- _TASK TO COMPLETE_
Some lines in the data below hold the string "centre". Report how many, as a bare number.

- _INPUT DATA_

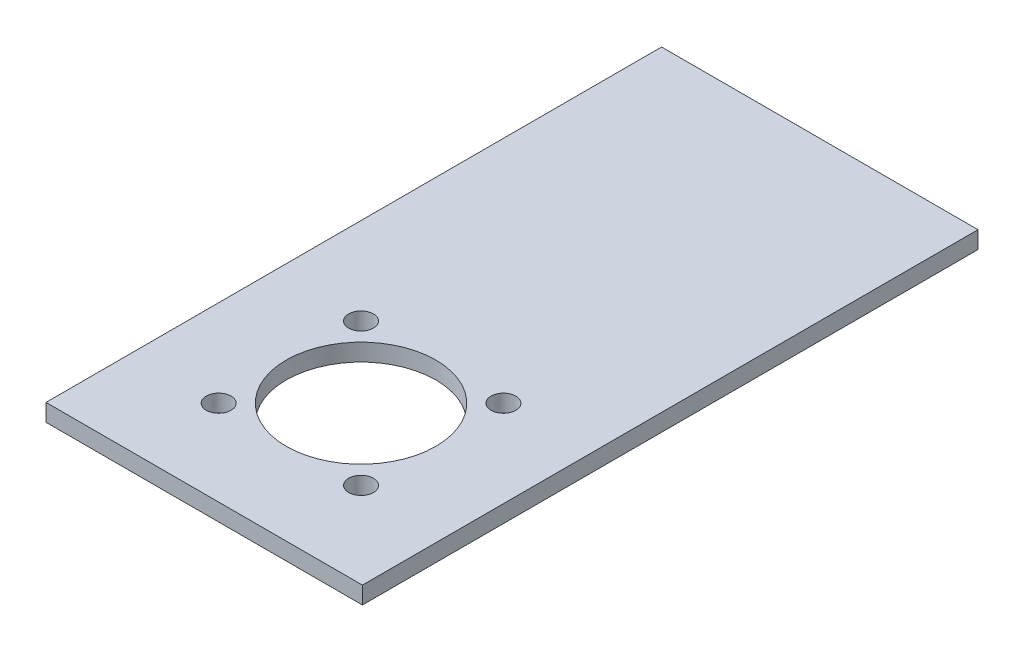
SolidWorks part; units mm, degrees
ref_plane "Front Plane" through (0, 0, 0) normal (0, 0, 1) x (1, 0, 0)
ref_plane "Top Plane" through (0, 0, 0) normal (0, 1, 0) x (1, 0, 0)
ref_plane "Right Plane" through (0, 0, 0) normal (1, 0, 0) x (0, 0, -1)
sketch "Sketch1" plane through (0, 0, 0) normal (0, 1, 0) x (1, 0, 0)
  line L0 (-27.5, 21.1413) -> (27.5, 21.1413) construction
  line L1 (-27.5, 46.1413) -> (27.5, 46.1413)
  line L2 (-27.5, 46.1413) -> (-27.5, -60.8587)
  line L3 (-27.5, -60.8587) -> (27.5, -60.8587)
  line L4 (27.5, 46.1413) -> (27.5, -60.8587)
  line L5 (-27.5, 19.1413) -> (27.5, 19.1413) construction
  line L6 (-27.5, -5.8587) -> (27.5, -5.8587) construction
  line L7 (-27.5, -8.8587) -> (27.5, -8.8587) construction
  circle A0 centre (0, -33.5987) radius 17.5 construction
  circle A1 centre (0, -33.5987) radius 13
  circle A2 centre (12.3744, -21.2243) radius 2.15
  circle A3 centre (12.3744, -45.973) radius 2.15
  circle A4 centre (-12.3744, -45.973) radius 2.15
  circle A5 centre (-12.3744, -21.2243) radius 2.15
  point P29 (0, -33.5987)
  dimension "D7" = 35
  dimension "D9" = 26
  dimension "D10" = 4.3
  dimension "D1" = 107
  dimension "D2" = 55
  dimension "D3" = 2
  dimension "D4" = 25
  dimension "D5" = 3
  dimension "D6" = 25
  dimension "D8" = 27.74
  dimension "D11" = 4
extrude "Boss-Extrude1" add sketch "Sketch1" along normal blind 3

- _EXERCISE SOLUTION_
6